# [EXERCISE DATA]
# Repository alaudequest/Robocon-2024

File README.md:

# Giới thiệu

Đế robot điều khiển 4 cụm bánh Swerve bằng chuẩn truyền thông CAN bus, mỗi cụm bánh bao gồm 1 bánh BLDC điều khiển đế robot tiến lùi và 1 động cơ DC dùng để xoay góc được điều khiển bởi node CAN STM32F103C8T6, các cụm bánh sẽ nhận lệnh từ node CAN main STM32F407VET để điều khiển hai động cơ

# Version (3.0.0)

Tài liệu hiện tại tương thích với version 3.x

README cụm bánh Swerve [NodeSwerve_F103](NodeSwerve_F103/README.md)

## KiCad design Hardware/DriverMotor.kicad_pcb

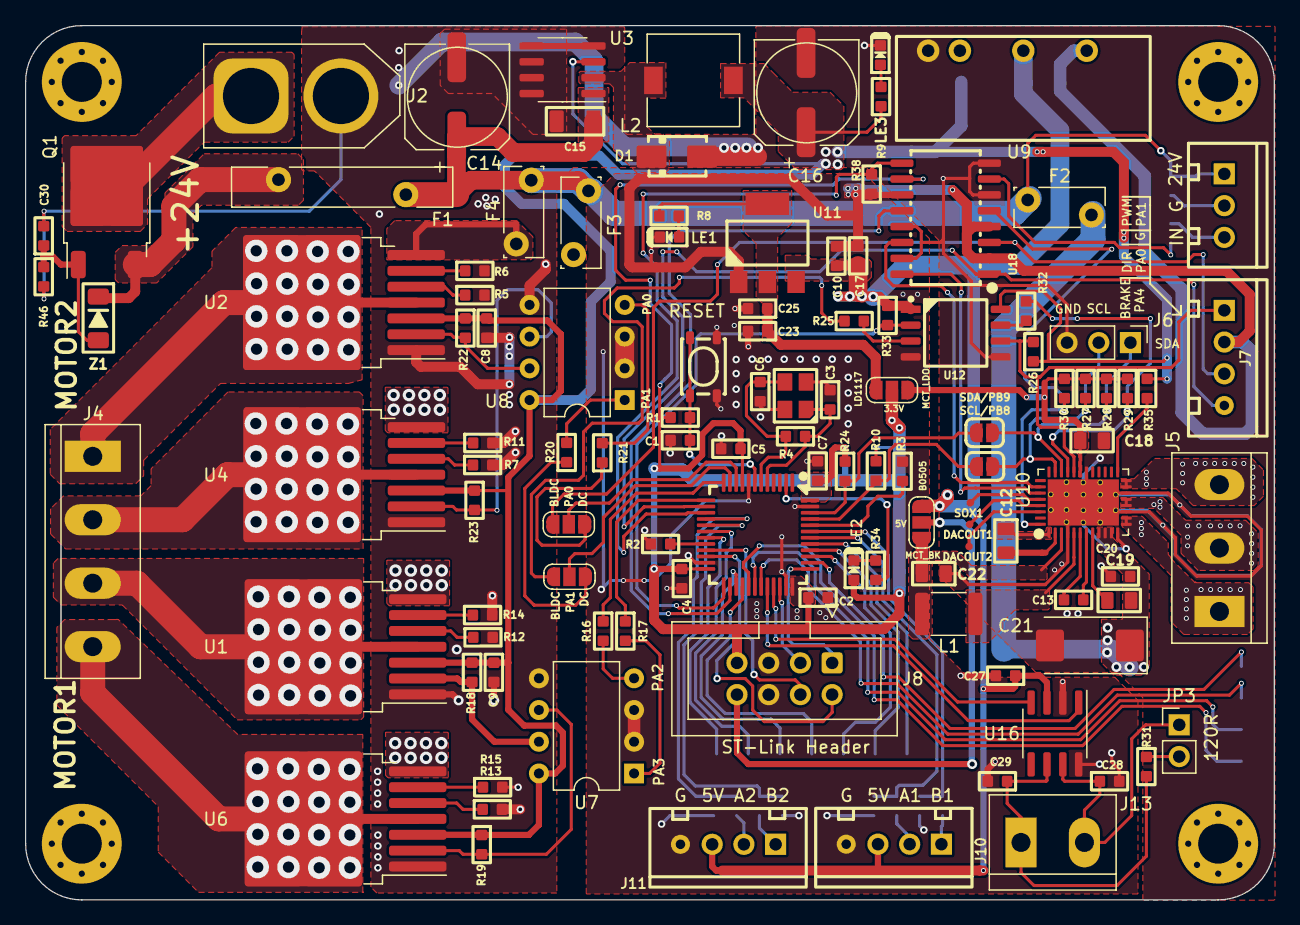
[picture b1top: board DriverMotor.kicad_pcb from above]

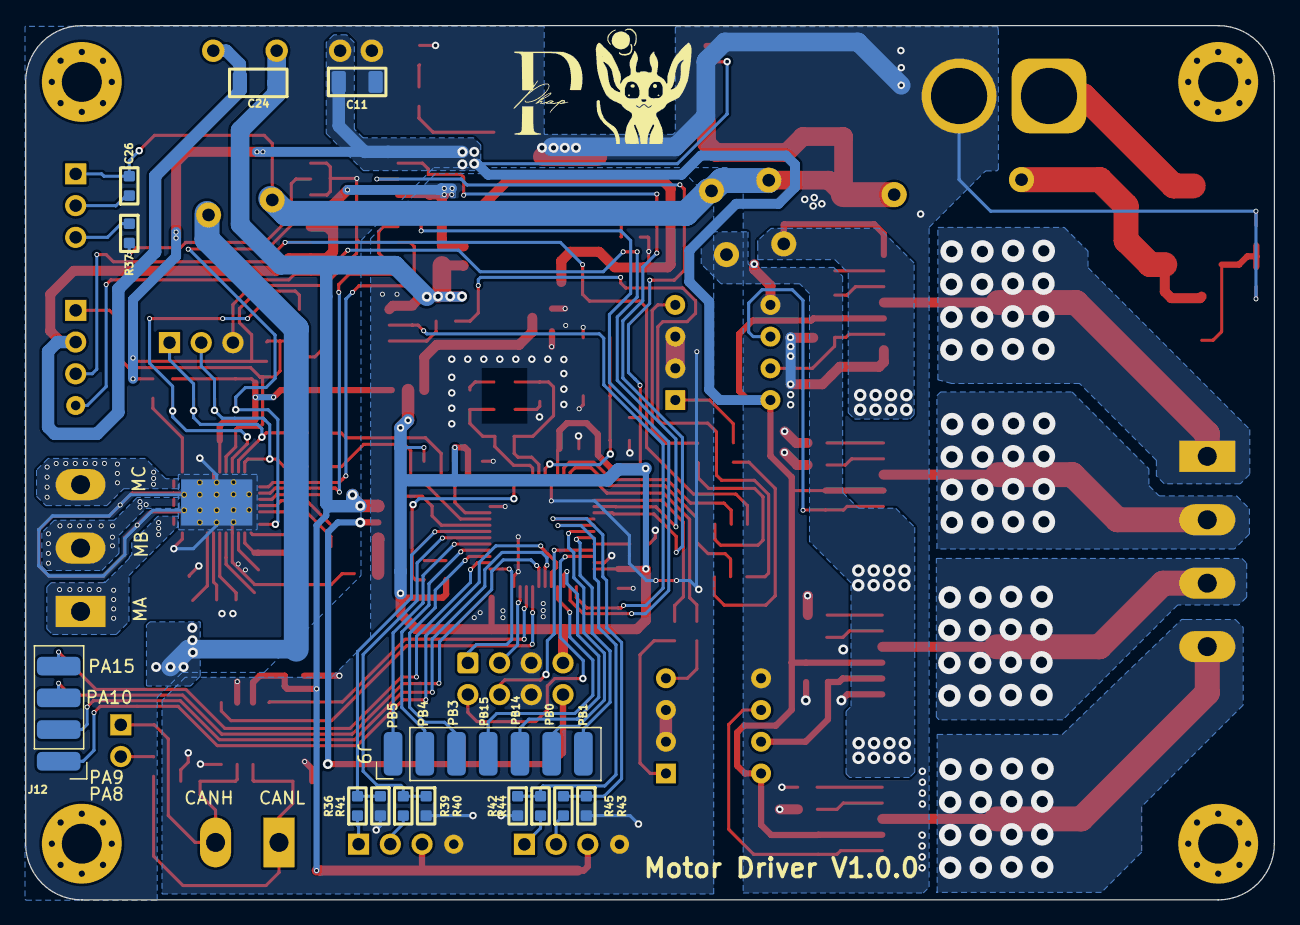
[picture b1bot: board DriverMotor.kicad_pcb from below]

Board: 2 copper layers, 100.0 x 70.0 mm, 130 parts (14 on the bottom side), 113 nets.

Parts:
C1: 10pF; C_0603
C2, C4, C5, C7, C8, C9, C10, C20, C25, C27, C30: 100nF; C_0603
C3, C6: 22pF; C_0603
C11: 4.7uF/16V; C_1206
C12, C18, C19, C22: 1uF; C_0805
C13: 47nF; C_0603
C14: 220uF/35V; CP-Alu-SMD-8x10.5mm
C15: 1uF; C_1206
C16: 470uF/16V; CP-Alu-SMD-8x10.5mm
C17, C23, C26: 10uF; C_0603
C21: 22uF/25V; CP_EIA-7343-15_Kemet-W_Pad2.25x2.55mm_HandSolder
C24: 10uF/10V; C_1206
C28, C29: 30pF; C_0603
D1: D_Diode; Package-Diode-D_SMA
DACOUT1, DACOUT2: TestPoint; TestPoint_Pad_D1.0mm
F1: 30V/5A; Fuse_Bourns_MF-RHT1000
F2: 30V/3A; Fuse_Bourns_MF-RG300
F3, F4: 30V/1.1A; Fuse_Bourns_MF-RG300
H1, H2, H3, H4: MountingHole; MountingHole_3.2mm_M3_Pad_Via
J1: Conn_01x03_Pin; Conn-Vert-THT-3P-2.54mm-S3B_XH_SM4_TB
J2: Screw_Terminal_01x02; Conn-Vert-THT-2P-7.20mm-XT60_F
J4: Screw_Terminal_01x04; TerminalBlock_bornier-4_P5.08mm
J5: Screw_Terminal_01x03; TerminalBlock_bornier-3_P5.08mm
J6: Screw_Terminal_01x03; PinHeader_1x03_P2.54mm_Vertical
J7: Conn_01x04_Male; Conn-Vert-THT-4P-2.54mm-S4B_XH_SM4_TB
J8: Conn_02x04_Odd_Even; IDC-Header_2x04_P2.54mm_Vertical
J9: Conn_01x07_Pin; Conn-Horz-SMD-7P-2.54mm-PinHeader
J10, J11: Screw_Terminal_01x04; Conn-Vert-THT-4P-2.54mm-S4B_XH_SM4_TB
J12: Conn_01x04_Male; Conn-Horz-SMD-4P-2.54mm-PinHeader
J13: Screw_Terminal_01x02; TerminalBlock_bornier-2_P5.08mm
JP3: SolderJumper_2_Open; PinHeader_1x02_P2.54mm_Vertical
L1: 47uH; L_1812_4532Metric
L2: 47uH; L_7.3x7.3_H4.5
LE1, LE2, LE3: Led; LED_0603
Q1: P_Mosfet; TO-252-2
R1, R2: 10k; R_0603
R3, R5, R6, R7, R11, R12, R13, R14, R15, R18, R19, R22, R23: 10K; R_0603
R4: 1M; R_0603
R8: 1k; R_0603
R9, R26, R33, R35, R36, R37, R38, R41, R44, R45: 1K; R_0603
R10, R24: 4k7; R_0603
R16, R17, R20, R21: 240R; R_0603
R25, R32: 330R; R_0603
R27, R28, R29, R30: 5K1; R_0603
R31: 120R; R_0603
R34: 2K2; R_0603
R39, R40, R42, R43: 2K; R_0603
R46: 100k; R_0603
S1, S2, S3, S4: SolderJump3P; SolderJumper-3_P1.3mm_Open_RoundedPad1.0x1.5mm_NumberLabels
SCL/PB8: SolderJumper_2_Open; SolderJumper-2_P1.3mm_Open_RoundedPad1.0x1.5mm
SDA/PB9: SolderJumper_2_Open; SolderJumper-2_P1.3mm_Open_RoundedPad1.0x1.5mm
SOX1: TestPoint; TestPoint_Pad_D1.0mm
SW1: SW_Push; ButtonPush-Vert-SMD-4P-SPST_PTS810
U1, U2, U4, U6: TO-263-7_TabPin8
U3: XL1509-5.0; SOIC-8_3.9x4.9mm_P1.27mm
U5: MCU_STM32F103C8Tx; Package-IC-LQFP-48P-7x7mm-P0.5mm
U7, U8: HCPL-2631; DIP-8_W7.62mm
U9: B0505S; PowerSupply-DCDC-Isolate-2W-BxxxxS
U10: MCT8316; VQFN-40-1EP_7x7mm_P0.5mm_EP5.7x3.7mm_ThermalVias
U11: LD1117; SOT233
U12: ISO7721DR; SOIC-8_5.23x5.23mm_P1.27mm
U16: TJA1051T; SOIC-8_3.9x4.9mm_P1.27mm
U18: SOIC-16W_5.3x10.2mm_P1.27mm
Y1: 8Mhz; Crystal-SMD-4P-3.2x2.6mm-3225
Z1: 15V; Package-Diode-D_MiniMELF

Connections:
+3V3: C23.1, C25.1, R8.1, S2.1, U11.2 (VO)
+5V: C10.1, C17.1, C24.1, C27.1, J10.3, J11.3, R33.1, S1.1, U9.4 (Vout), U11.3 (VI), U12.1 (VCC1), U16.3 (VCC)
+5VA: J8.8, S1.2
+24V: J2.1, Q1.2 (D)
/BTS7960/+5V_CS: C8.1, C9.1, C11.1, C16.1, L2.1, R9.1, R18.1, R19.1, R22.1, R23.1, R26.1, R35.1, U1.3 (INH), U2.3 (INH), U3.3 (FB), U4.3 (INH), U6.3 (INH), U7.8 (VCC), U8.8 (VCC), U9.2 (Vin), U12.8 (VCC2)
/BTS7960/+24V_CS: C14.1, C15.1, C26.2, F1.2, F2.1, F3.1, F4.1, J1.1, U3.1 (VIN)
/BTS7960/+24V_M1: F3.2, U1.7 (VS), U6.7 (VS)
/BTS7960/+24V_M2: F4.2, U2.7 (VS), U4.7 (VS)
/BTS7960/BTS.PWM_L1: R17.1, U5.13 (PA3/USART2_RX/ADC12_IN3/TIM2_CH4)
/BTS7960/BTS.PWM_L2: R20.1, S3.1
/BTS7960/BTS.PWM_R1: R16.1, U5.12 (PA2/USART2_TX/ADC12_IN2/TIM2_CH3)
/BTS7960/BTS.PWM_R2: R21.1, S4.1
/BTS7960/En.EnA_1: R40.1, R41.2, U5.42 (PB6/USART1_TX/I2C1_SCL/TIM4_CH1)
/BTS7960/En.EnA_2: R43.1, R45.2, U5.16 (PA6/SPI1_MISO/ADC12_IN6/TIM3_CH1)
/BTS7960/En.EnB_1: R36.2, R39.1, U5.43 (PB7/USART1_RX/I2C1_SDA/TIM4_CH2)
/BTS7960/En.EnB_2: R42.1, R44.2, U5.17 (PA7/SPI1_MOSI/ADC12_IN7/TIM3_CH2)
/BTS7960/Motor_L1: J4.3, U1.4 (OUT), U1.8 (TAB)
/BTS7960/Motor_L2: J4.1, U2.4 (OUT), U2.8 (TAB)
/BTS7960/Motor_R1: J4.4, U6.4 (OUT), U6.8 (TAB)
/BTS7960/Motor_R2: J4.2, U4.4 (OUT), U4.8 (TAB)
/BTS7960/PWM_DC_L1: R18.2, U1.2 (IN), U7.7 (VO1)
/BTS7960/PWM_DC_L2: R22.2, U2.2 (IN), U8.7 (VO1)
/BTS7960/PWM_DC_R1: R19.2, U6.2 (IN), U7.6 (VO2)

# [WHAT YOU WILL DO]
Please return, exactly as written, the lines from the first line of the records above through the line containing "J13: Screw_Terminal_01x02; TerminalBlock_bornier-2_P5.08mm", both included, leaving out any pictures.

# [EXERCISE RESPONSE]
# Repository alaudequest/Robocon-2024

File README.md:

# Giới thiệu

Đế robot điều khiển 4 cụm bánh Swerve bằng chuẩn truyền thông CAN bus, mỗi cụm bánh bao gồm 1 bánh BLDC điều khiển đế robot tiến lùi và 1 động cơ DC dùng để xoay góc được điều khiển bởi node CAN STM32F103C8T6, các cụm bánh sẽ nhận lệnh từ node CAN main STM32F407VET để điều khiển hai động cơ

# Version (3.0.0)

Tài liệu hiện tại tương thích với version 3.x

README cụm bánh Swerve [NodeSwerve_F103](NodeSwerve_F103/README.md)

## KiCad design Hardware/DriverMotor.kicad_pcb

[picture b1top: board DriverMotor.kicad_pcb from above]

[picture b1bot: board DriverMotor.kicad_pcb from below]

Board: 2 copper layers, 100.0 x 70.0 mm, 130 parts (14 on the bottom side), 113 nets.

Parts:
C1: 10pF; C_0603
C2, C4, C5, C7, C8, C9, C10, C20, C25, C27, C30: 100nF; C_0603
C3, C6: 22pF; C_0603
C11: 4.7uF/16V; C_1206
C12, C18, C19, C22: 1uF; C_0805
C13: 47nF; C_0603
C14: 220uF/35V; CP-Alu-SMD-8x10.5mm
C15: 1uF; C_1206
C16: 470uF/16V; CP-Alu-SMD-8x10.5mm
C17, C23, C26: 10uF; C_0603
C21: 22uF/25V; CP_EIA-7343-15_Kemet-W_Pad2.25x2.55mm_HandSolder
C24: 10uF/10V; C_1206
C28, C29: 30pF; C_0603
D1: D_Diode; Package-Diode-D_SMA
DACOUT1, DACOUT2: TestPoint; TestPoint_Pad_D1.0mm
F1: 30V/5A; Fuse_Bourns_MF-RHT1000
F2: 30V/3A; Fuse_Bourns_MF-RG300
F3, F4: 30V/1.1A; Fuse_Bourns_MF-RG300
H1, H2, H3, H4: MountingHole; MountingHole_3.2mm_M3_Pad_Via
J1: Conn_01x03_Pin; Conn-Vert-THT-3P-2.54mm-S3B_XH_SM4_TB
J2: Screw_Terminal_01x02; Conn-Vert-THT-2P-7.20mm-XT60_F
J4: Screw_Terminal_01x04; TerminalBlock_bornier-4_P5.08mm
J5: Screw_Terminal_01x03; TerminalBlock_bornier-3_P5.08mm
J6: Screw_Terminal_01x03; PinHeader_1x03_P2.54mm_Vertical
J7: Conn_01x04_Male; Conn-Vert-THT-4P-2.54mm-S4B_XH_SM4_TB
J8: Conn_02x04_Odd_Even; IDC-Header_2x04_P2.54mm_Vertical
J9: Conn_01x07_Pin; Conn-Horz-SMD-7P-2.54mm-PinHeader
J10, J11: Screw_Terminal_01x04; Conn-Vert-THT-4P-2.54mm-S4B_XH_SM4_TB
J12: Conn_01x04_Male; Conn-Horz-SMD-4P-2.54mm-PinHeader
J13: Screw_Terminal_01x02; TerminalBlock_bornier-2_P5.08mm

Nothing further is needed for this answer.